## Problem statement
Give back, exactly and with nothing added, the lines that run from the one containing "13], degree=3, periodic=0)" to the final line below.

BEGIN

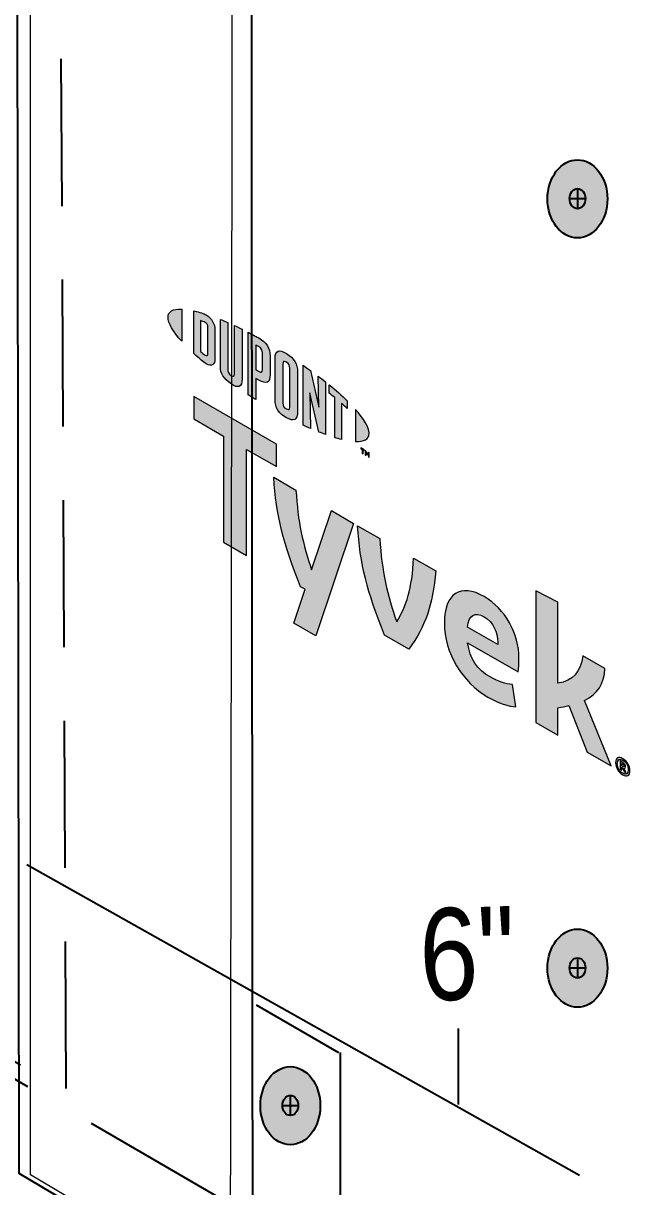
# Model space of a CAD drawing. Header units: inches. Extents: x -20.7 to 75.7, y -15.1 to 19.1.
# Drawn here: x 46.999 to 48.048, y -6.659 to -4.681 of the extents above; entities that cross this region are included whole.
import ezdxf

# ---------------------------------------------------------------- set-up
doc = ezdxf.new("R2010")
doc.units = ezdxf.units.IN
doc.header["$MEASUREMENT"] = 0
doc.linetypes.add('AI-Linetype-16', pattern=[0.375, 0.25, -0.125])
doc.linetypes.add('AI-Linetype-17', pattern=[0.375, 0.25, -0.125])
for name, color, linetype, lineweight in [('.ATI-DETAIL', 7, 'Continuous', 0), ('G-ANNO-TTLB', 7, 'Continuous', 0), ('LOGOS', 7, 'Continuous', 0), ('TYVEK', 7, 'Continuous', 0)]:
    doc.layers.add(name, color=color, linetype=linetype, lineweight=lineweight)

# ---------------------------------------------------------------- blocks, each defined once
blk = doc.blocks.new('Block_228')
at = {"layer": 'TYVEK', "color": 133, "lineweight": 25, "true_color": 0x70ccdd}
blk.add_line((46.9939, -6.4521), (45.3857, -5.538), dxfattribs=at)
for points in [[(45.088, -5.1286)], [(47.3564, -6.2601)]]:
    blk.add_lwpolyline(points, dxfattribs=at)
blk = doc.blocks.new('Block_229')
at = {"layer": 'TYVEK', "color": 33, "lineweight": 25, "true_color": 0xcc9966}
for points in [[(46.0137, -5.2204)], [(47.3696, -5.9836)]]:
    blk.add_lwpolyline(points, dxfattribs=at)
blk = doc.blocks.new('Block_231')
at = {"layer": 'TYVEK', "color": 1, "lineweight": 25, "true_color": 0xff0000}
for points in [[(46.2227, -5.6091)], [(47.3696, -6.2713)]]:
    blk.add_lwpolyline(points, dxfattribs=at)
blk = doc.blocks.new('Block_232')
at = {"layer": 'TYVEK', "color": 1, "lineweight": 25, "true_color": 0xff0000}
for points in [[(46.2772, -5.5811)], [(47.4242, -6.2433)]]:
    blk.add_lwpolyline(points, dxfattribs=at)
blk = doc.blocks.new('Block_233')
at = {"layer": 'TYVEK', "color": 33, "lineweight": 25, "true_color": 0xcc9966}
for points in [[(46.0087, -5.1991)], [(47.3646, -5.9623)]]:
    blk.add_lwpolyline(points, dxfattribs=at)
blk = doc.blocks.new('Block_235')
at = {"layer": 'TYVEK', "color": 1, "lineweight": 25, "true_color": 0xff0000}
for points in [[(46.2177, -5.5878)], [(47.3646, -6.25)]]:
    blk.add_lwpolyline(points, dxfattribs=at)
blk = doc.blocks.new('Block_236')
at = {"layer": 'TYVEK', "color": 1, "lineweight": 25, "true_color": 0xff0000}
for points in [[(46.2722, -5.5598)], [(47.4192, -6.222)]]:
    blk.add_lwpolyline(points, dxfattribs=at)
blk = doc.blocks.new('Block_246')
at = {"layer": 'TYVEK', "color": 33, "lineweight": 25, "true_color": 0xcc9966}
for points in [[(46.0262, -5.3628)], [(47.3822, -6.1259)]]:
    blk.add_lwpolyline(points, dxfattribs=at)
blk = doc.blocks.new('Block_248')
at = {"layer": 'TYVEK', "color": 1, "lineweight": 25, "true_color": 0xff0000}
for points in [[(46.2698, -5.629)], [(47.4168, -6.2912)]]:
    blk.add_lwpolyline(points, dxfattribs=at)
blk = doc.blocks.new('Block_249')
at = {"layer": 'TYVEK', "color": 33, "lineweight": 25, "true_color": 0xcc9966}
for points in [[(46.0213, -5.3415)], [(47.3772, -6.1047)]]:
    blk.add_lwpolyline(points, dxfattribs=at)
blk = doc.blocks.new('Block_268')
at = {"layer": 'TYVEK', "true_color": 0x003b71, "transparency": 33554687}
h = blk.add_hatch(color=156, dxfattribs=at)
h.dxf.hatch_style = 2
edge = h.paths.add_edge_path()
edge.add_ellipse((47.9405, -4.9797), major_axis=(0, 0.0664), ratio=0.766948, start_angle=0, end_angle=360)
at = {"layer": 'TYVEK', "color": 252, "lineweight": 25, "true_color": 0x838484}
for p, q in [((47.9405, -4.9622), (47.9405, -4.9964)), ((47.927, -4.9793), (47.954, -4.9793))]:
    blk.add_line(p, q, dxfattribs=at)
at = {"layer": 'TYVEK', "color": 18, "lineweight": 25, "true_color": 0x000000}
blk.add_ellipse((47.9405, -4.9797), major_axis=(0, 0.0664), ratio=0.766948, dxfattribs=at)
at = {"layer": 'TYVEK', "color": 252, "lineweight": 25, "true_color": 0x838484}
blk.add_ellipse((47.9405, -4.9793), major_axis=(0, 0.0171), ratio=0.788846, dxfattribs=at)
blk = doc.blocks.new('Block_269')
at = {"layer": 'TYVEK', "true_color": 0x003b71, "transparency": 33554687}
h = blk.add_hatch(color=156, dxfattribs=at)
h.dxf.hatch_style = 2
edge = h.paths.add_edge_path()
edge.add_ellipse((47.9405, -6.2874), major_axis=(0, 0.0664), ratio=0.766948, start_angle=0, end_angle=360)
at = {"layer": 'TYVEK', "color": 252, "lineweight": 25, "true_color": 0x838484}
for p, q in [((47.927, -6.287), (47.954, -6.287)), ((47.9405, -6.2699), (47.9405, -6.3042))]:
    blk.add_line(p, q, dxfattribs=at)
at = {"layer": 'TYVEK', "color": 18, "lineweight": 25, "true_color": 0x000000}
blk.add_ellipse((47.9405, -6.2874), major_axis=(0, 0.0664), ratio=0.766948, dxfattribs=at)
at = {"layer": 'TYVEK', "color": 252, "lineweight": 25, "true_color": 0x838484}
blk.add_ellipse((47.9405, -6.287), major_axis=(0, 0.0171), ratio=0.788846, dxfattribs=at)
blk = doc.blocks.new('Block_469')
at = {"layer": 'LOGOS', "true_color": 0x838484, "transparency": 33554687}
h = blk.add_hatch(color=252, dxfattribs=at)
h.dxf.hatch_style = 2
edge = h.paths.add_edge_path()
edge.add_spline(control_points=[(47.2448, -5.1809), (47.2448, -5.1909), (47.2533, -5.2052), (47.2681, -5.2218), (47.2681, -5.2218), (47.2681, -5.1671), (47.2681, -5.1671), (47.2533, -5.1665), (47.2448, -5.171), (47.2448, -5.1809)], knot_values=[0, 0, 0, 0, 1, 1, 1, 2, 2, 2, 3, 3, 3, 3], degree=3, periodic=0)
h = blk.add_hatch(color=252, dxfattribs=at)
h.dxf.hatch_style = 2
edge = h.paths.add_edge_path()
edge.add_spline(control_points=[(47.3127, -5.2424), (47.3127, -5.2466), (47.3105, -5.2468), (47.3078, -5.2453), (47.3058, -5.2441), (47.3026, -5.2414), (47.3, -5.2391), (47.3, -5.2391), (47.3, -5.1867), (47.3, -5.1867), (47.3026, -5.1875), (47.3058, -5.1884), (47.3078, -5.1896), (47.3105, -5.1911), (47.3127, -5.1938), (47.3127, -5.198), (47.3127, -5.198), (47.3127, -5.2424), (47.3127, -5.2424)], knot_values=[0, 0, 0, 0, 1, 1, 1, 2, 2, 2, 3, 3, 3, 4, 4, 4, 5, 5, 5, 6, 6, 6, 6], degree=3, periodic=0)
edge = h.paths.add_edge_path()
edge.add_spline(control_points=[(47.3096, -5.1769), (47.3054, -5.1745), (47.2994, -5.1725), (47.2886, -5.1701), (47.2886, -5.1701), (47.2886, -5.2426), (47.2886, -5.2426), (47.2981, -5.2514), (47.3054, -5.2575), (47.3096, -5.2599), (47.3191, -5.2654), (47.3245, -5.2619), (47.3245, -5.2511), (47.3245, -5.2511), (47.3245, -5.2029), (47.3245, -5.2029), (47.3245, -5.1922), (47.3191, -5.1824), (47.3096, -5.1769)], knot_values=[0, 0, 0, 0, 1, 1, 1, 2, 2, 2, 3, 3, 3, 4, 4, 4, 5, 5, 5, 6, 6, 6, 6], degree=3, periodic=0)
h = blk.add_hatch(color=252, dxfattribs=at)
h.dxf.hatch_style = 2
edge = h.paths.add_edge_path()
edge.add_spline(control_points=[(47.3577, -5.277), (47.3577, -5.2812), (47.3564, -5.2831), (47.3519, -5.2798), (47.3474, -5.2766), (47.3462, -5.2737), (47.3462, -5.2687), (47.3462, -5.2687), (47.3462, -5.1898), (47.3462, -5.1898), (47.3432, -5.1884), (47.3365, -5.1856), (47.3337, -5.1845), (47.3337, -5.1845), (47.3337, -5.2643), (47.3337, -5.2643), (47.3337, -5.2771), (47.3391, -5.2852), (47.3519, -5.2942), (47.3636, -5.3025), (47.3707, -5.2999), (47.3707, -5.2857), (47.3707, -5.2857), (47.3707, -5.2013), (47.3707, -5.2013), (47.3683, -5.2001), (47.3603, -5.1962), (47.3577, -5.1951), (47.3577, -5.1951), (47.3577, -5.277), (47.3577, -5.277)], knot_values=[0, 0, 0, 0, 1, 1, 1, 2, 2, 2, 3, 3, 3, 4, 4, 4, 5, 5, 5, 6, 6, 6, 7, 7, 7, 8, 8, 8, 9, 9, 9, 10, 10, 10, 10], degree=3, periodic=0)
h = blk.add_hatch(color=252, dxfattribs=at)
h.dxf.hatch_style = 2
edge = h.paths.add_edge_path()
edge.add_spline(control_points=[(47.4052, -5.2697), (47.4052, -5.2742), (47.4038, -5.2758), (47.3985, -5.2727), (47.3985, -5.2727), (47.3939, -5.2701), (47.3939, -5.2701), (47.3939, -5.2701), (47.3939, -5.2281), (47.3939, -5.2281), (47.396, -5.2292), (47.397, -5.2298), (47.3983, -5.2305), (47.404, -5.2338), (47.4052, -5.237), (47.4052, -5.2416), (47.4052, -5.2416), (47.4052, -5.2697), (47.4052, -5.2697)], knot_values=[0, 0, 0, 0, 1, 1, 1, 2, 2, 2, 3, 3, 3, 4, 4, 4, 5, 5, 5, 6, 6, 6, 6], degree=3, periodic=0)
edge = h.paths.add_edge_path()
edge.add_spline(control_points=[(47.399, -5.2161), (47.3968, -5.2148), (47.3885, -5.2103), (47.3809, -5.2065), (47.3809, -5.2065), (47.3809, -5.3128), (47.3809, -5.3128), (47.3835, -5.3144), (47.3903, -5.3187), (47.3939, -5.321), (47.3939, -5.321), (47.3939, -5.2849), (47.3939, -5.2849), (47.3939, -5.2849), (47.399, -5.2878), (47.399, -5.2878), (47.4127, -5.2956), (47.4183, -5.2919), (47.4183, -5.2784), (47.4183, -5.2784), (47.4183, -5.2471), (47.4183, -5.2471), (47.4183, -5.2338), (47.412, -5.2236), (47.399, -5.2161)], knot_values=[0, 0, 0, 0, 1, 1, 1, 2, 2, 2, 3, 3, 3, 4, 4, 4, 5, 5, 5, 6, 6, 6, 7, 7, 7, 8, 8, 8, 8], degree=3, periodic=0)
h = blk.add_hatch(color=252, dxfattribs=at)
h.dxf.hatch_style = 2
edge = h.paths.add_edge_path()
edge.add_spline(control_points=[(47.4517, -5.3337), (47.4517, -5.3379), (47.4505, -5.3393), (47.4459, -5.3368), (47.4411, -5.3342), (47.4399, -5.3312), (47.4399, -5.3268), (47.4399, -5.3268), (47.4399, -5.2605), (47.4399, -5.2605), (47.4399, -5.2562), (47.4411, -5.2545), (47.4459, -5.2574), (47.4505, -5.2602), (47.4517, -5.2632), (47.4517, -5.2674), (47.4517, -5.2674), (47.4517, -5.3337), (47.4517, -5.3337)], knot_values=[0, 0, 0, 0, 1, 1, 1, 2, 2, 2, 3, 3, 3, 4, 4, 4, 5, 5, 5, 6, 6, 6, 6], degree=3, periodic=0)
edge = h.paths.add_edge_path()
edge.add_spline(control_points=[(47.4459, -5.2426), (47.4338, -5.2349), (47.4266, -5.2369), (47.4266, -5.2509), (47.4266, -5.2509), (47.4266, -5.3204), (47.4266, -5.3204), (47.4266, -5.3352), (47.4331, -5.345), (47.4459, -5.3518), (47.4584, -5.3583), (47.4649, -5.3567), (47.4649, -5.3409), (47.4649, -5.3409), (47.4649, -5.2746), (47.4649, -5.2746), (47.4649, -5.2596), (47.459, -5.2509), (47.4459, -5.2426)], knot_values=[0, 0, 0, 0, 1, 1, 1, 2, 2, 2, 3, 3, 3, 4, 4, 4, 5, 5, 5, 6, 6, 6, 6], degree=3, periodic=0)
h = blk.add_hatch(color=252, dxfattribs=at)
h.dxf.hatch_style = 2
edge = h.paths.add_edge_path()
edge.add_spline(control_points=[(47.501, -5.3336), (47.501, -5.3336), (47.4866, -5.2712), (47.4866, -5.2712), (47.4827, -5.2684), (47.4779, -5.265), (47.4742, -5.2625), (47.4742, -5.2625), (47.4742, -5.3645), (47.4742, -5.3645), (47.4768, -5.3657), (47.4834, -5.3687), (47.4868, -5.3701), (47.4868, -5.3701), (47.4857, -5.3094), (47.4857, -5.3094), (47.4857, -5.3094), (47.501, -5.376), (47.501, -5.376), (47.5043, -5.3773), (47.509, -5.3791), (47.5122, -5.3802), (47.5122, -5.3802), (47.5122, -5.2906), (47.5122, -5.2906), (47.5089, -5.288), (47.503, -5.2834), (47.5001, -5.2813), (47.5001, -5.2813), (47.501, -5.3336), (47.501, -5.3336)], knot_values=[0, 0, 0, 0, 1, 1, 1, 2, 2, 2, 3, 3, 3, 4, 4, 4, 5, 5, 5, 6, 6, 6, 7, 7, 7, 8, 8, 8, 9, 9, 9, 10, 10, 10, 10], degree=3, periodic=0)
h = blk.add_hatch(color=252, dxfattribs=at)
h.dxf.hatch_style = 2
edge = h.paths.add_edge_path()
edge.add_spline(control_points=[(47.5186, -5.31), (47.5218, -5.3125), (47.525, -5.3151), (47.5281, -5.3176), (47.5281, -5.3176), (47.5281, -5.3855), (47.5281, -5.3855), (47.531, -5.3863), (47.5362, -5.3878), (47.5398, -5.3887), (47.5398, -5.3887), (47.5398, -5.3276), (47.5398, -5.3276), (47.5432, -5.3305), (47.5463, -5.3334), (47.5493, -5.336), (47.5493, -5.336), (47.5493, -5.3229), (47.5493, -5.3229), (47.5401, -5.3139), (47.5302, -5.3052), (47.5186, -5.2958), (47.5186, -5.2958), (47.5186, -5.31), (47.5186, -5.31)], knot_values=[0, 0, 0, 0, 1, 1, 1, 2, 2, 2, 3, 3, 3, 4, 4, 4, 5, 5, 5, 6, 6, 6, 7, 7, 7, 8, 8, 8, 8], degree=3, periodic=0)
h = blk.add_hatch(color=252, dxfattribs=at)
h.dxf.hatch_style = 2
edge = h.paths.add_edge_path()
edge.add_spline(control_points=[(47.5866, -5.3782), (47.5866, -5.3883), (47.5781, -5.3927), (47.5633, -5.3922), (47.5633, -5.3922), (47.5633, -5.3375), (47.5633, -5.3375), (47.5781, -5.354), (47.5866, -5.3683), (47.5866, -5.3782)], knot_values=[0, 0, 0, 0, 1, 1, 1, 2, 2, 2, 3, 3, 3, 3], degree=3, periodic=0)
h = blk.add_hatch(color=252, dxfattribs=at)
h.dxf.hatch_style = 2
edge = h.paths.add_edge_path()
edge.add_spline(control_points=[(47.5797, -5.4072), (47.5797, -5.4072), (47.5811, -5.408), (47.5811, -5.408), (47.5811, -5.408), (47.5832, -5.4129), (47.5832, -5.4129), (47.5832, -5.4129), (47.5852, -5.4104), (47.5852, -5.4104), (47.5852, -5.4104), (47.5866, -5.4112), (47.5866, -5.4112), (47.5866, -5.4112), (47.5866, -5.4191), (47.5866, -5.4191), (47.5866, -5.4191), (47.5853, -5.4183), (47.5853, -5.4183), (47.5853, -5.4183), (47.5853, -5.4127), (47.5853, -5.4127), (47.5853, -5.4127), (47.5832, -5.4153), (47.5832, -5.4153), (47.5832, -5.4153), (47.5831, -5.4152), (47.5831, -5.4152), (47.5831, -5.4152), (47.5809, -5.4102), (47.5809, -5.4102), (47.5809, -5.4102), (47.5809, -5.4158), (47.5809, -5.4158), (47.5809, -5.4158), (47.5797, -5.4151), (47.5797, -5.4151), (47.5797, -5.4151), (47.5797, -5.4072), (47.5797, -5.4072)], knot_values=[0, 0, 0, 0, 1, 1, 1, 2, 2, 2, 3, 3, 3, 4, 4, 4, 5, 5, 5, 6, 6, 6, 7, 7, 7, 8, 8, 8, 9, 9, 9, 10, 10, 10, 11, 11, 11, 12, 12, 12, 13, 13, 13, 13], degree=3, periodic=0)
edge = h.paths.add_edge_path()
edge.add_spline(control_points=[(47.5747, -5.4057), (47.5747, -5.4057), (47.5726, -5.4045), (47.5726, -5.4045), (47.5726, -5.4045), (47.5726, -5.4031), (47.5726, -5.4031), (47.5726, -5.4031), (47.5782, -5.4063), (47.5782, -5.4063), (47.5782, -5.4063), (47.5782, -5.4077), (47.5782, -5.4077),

END

## Solution below
edge.add_spline(control_points=[(47.5797, -5.4072), (47.5797, -5.4072), (47.5811, -5.408), (47.5811, -5.408), (47.5811, -5.408), (47.5832, -5.4129), (47.5832, -5.4129), (47.5832, -5.4129), (47.5852, -5.4104), (47.5852, -5.4104), (47.5852, -5.4104), (47.5866, -5.4112), (47.5866, -5.4112), (47.5866, -5.4112), (47.5866, -5.4191), (47.5866, -5.4191), (47.5866, -5.4191), (47.5853, -5.4183), (47.5853, -5.4183), (47.5853, -5.4183), (47.5853, -5.4127), (47.5853, -5.4127), (47.5853, -5.4127), (47.5832, -5.4153), (47.5832, -5.4153), (47.5832, -5.4153), (47.5831, -5.4152), (47.5831, -5.4152), (47.5831, -5.4152), (47.5809, -5.4102), (47.5809, -5.4102), (47.5809, -5.4102), (47.5809, -5.4158), (47.5809, -5.4158), (47.5809, -5.4158), (47.5797, -5.4151), (47.5797, -5.4151), (47.5797, -5.4151), (47.5797, -5.4072), (47.5797, -5.4072)], knot_values=[0, 0, 0, 0, 1, 1, 1, 2, 2, 2, 3, 3, 3, 4, 4, 4, 5, 5, 5, 6, 6, 6, 7, 7, 7, 8, 8, 8, 9, 9, 9, 10, 10, 10, 11, 11, 11, 12, 12, 12, 13, 13, 13, 13], degree=3, periodic=0)
edge = h.paths.add_edge_path()
edge.add_spline(control_points=[(47.5747, -5.4057), (47.5747, -5.4057), (47.5726, -5.4045), (47.5726, -5.4045), (47.5726, -5.4045), (47.5726, -5.4031), (47.5726, -5.4031), (47.5726, -5.4031), (47.5782, -5.4063), (47.5782, -5.4063), (47.5782, -5.4063), (47.5782, -5.4077), (47.5782, -5.4077),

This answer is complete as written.